=== What you should do ===
Within the material below, locate the line with "#12396 = AXIS2_PLACEMENT_3D" and the line with "#24957 = DIRECTION", then return those two lines and all lines between them, exactly as written.

=== Information provided ===
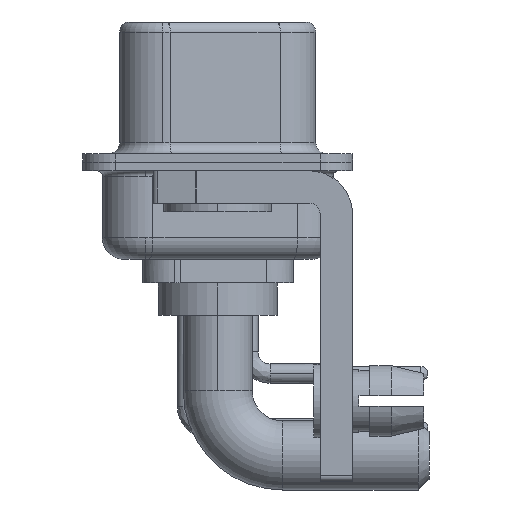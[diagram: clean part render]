
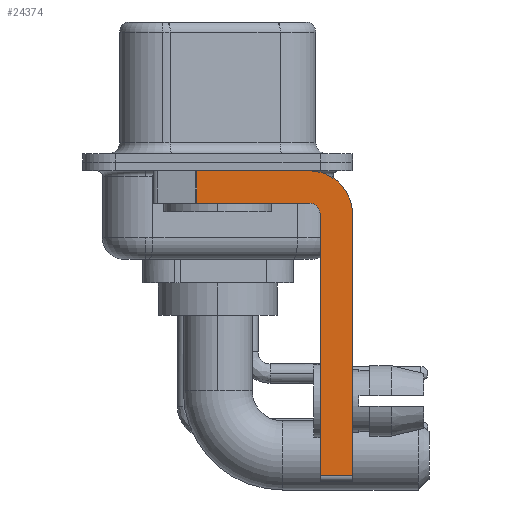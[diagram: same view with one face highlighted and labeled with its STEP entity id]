
A CAD part, left-side view. The second image highlights one B-rep face of the part: STEP entity #24374.
In plain terms, the highlighted planar face has unit normal (-1, 0, 0).
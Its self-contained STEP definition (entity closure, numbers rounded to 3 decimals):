
#220 = ORIENTED_EDGE ( 'NONE', *, *, #28409, .F. ) ;
#810 = CARTESIAN_POINT ( 'NONE',  ( -2.9, -4.25, -2.4 ) ) ;
#891 = CARTESIAN_POINT ( 'NONE',  ( -2.9, 0.978, -1.9 ) ) ;
#1488 = VERTEX_POINT ( 'NONE', #891 ) ;
#1781 = CARTESIAN_POINT ( 'NONE',  ( -2.9, -4.25, -1.9 ) ) ;
#2296 = EDGE_LOOP ( 'NONE', ( #220, #7860, #19373, #23999, #4862, #28705, #16245, #28285 ) ) ;
#3200 = VERTEX_POINT ( 'NONE', #29447 ) ;
#3207 = VECTOR ( 'NONE', #22636, 1000. ) ;
#3834 = DIRECTION ( 'NONE',  ( 0., 0., -1. ) ) ;
#4681 = VERTEX_POINT ( 'NONE', #7345 ) ;
#4756 = VECTOR ( 'NONE', #7383, 1000. ) ;
#4862 = ORIENTED_EDGE ( 'NONE', *, *, #17629, .F. ) ;
#5077 = CARTESIAN_POINT ( 'NONE',  ( -2.9, -6.25, -2.4 ) ) ;
#5546 = CARTESIAN_POINT ( 'NONE',  ( -2.9, -6.25, -14.55 ) ) ;
#6180 = DIRECTION ( 'NONE',  ( 0., -1., 0. ) ) ;
#7345 = CARTESIAN_POINT ( 'NONE',  ( -2.9, 0.978, -0.4 ) ) ;
#7383 = DIRECTION ( 'NONE',  ( 0., 1., 0. ) ) ;
#7533 = EDGE_CURVE ( 'NONE', #4681, #1488, #22800, .T. ) ;
#7641 = VECTOR ( 'NONE', #6180, 1000. ) ;
#7847 = DIRECTION ( 'NONE',  ( 0., 0., -1. ) ) ;
#7860 = ORIENTED_EDGE ( 'NONE', *, *, #7533, .T. ) ;
#8069 = CIRCLE ( 'NONE', #17869, 2. ) ;
#8383 = VECTOR ( 'NONE', #15431, 1000. ) ;
#8408 = CARTESIAN_POINT ( 'NONE',  ( -2.9, -4.75, -14.55 ) ) ;
#9310 = DIRECTION ( 'NONE',  ( 0., 0., 1. ) ) ;
#10523 = CARTESIAN_POINT ( 'NONE',  ( -2.9, 0.978, -1.9 ) ) ;
#11652 = CARTESIAN_POINT ( 'NONE',  ( -2.9, 3., -0.4 ) ) ;
#11714 = EDGE_CURVE ( 'NONE', #22380, #29342, #15137, .T. ) ;
#11956 = LINE ( 'NONE', #11652, #20941 ) ;
#12246 = VERTEX_POINT ( 'NONE', #1781 ) ;
#12396 = AXIS2_PLACEMENT_3D ( 'NONE', #23742, #28041, #9310 ) ;
#15074 = EDGE_CURVE ( 'NONE', #24811, #12246, #25631, .T. ) ;
#15137 = LINE ( 'NONE', #25274, #19444 ) ;
#15431 = DIRECTION ( 'NONE',  ( 0., 0., -1. ) ) ;
#16040 = LINE ( 'NONE', #27550, #3207 ) ;
#16245 = ORIENTED_EDGE ( 'NONE', *, *, #11714, .F. ) ;
#17629 = EDGE_CURVE ( 'NONE', #21300, #24811, #16040, .T. ) ;
#17782 = PLANE ( 'NONE',  #20008 ) ;
#17869 = AXIS2_PLACEMENT_3D ( 'NONE', #810, #26430, #7847 ) ;
#18313 = EDGE_CURVE ( 'NONE', #3200, #22380, #8069, .T. ) ;
#19016 = DIRECTION ( 'NONE',  ( 0., -1., 0. ) ) ;
#19373 = ORIENTED_EDGE ( 'NONE', *, *, #28011, .F. ) ;
#19444 = VECTOR ( 'NONE', #24957, 1000. ) ;
#20008 = AXIS2_PLACEMENT_3D ( 'NONE', #27144, #20230, #3834 ) ;
#20230 = DIRECTION ( 'NONE',  ( 1., 0., 0. ) ) ;
#20941 = VECTOR ( 'NONE', #19016, 1000. ) ;
#21300 = VERTEX_POINT ( 'NONE', #8408 ) ;
#22380 = VERTEX_POINT ( 'NONE', #5077 ) ;
#22636 = DIRECTION ( 'NONE',  ( 0., 0., 1. ) ) ;
#22800 = LINE ( 'NONE', #10523, #8383 ) ;
#23742 = CARTESIAN_POINT ( 'NONE',  ( -2.9, -4.25, -2.4 ) ) ;
#23807 = LINE ( 'NONE', #25970, #4756 ) ;
#23999 = ORIENTED_EDGE ( 'NONE', *, *, #15074, .F. ) ;
#24374 = ADVANCED_FACE ( 'NONE', ( #26698 ), #17782, .F. ) ;
#24811 = VERTEX_POINT ( 'NONE', #27986 ) ;
#24957 = DIRECTION ( 'NONE',  ( 0., 0., -1. ) ) ;
#25274 = CARTESIAN_POINT ( 'NONE',  ( -2.9, -6.25, -2.4 ) ) ;
#25631 = CIRCLE ( 'NONE', #12396, 0.5 ) ;
#25685 = EDGE_CURVE ( 'NONE', #21300, #29342, #27359, .T. ) ;
#25970 = CARTESIAN_POINT ( 'NONE',  ( -2.9, -4.25, -1.9 ) ) ;
#26430 = DIRECTION ( 'NONE',  ( 1., 0., 0. ) ) ;
#26698 = FACE_OUTER_BOUND ( 'NONE', #2296, .T. ) ;
#27144 = CARTESIAN_POINT ( 'NONE',  ( -2.9, -4.25, -2.4 ) ) ;
#27359 = LINE ( 'NONE', #27662, #7641 ) ;
#27550 = CARTESIAN_POINT ( 'NONE',  ( -2.9, -4.75, -14.8 ) ) ;
#27662 = CARTESIAN_POINT ( 'NONE',  ( -2.9, -4.25, -14.55 ) ) ;
#27986 = CARTESIAN_POINT ( 'NONE',  ( -2.9, -4.75, -2.4 ) ) ;
#28011 = EDGE_CURVE ( 'NONE', #12246, #1488, #23807, .T. ) ;
#28041 = DIRECTION ( 'NONE',  ( -1., 0., 0. ) ) ;
#28285 = ORIENTED_EDGE ( 'NONE', *, *, #18313, .F. ) ;
#28409 = EDGE_CURVE ( 'NONE', #4681, #3200, #11956, .T. ) ;
#28705 = ORIENTED_EDGE ( 'NONE', *, *, #25685, .T. ) ;
#29342 = VERTEX_POINT ( 'NONE', #5546 ) ;
#29447 = CARTESIAN_POINT ( 'NONE',  ( -2.9, -4.25, -0.4 ) ) ;

=== Answer for the task ===
#12396 = AXIS2_PLACEMENT_3D ( 'NONE', #23742, #28041, #9310 ) ;
#15074 = EDGE_CURVE ( 'NONE', #24811, #12246, #25631, .T. ) ;
#15137 = LINE ( 'NONE', #25274, #19444 ) ;
#15431 = DIRECTION ( 'NONE',  ( 0., 0., -1. ) ) ;
#16040 = LINE ( 'NONE', #27550, #3207 ) ;
#16245 = ORIENTED_EDGE ( 'NONE', *, *, #11714, .F. ) ;
#17629 = EDGE_CURVE ( 'NONE', #21300, #24811, #16040, .T. ) ;
#17782 = PLANE ( 'NONE',  #20008 ) ;
#17869 = AXIS2_PLACEMENT_3D ( 'NONE', #810, #26430, #7847 ) ;
#18313 = EDGE_CURVE ( 'NONE', #3200, #22380, #8069, .T. ) ;
#19016 = DIRECTION ( 'NONE',  ( 0., -1., 0. ) ) ;
#19373 = ORIENTED_EDGE ( 'NONE', *, *, #28011, .F. ) ;
#19444 = VECTOR ( 'NONE', #24957, 1000. ) ;
#20008 = AXIS2_PLACEMENT_3D ( 'NONE', #27144, #20230, #3834 ) ;
#20230 = DIRECTION ( 'NONE',  ( 1., 0., 0. ) ) ;
#20941 = VECTOR ( 'NONE', #19016, 1000. ) ;
#21300 = VERTEX_POINT ( 'NONE', #8408 ) ;
#22380 = VERTEX_POINT ( 'NONE', #5077 ) ;
#22636 = DIRECTION ( 'NONE',  ( 0., 0., 1. ) ) ;
#22800 = LINE ( 'NONE', #10523, #8383 ) ;
#23742 = CARTESIAN_POINT ( 'NONE',  ( -2.9, -4.25, -2.4 ) ) ;
#23807 = LINE ( 'NONE', #25970, #4756 ) ;
#23999 = ORIENTED_EDGE ( 'NONE', *, *, #15074, .F. ) ;
#24374 = ADVANCED_FACE ( 'NONE', ( #26698 ), #17782, .F. ) ;
#24811 = VERTEX_POINT ( 'NONE', #27986 ) ;
#24957 = DIRECTION ( 'NONE',  ( 0., 0., -1. ) ) ;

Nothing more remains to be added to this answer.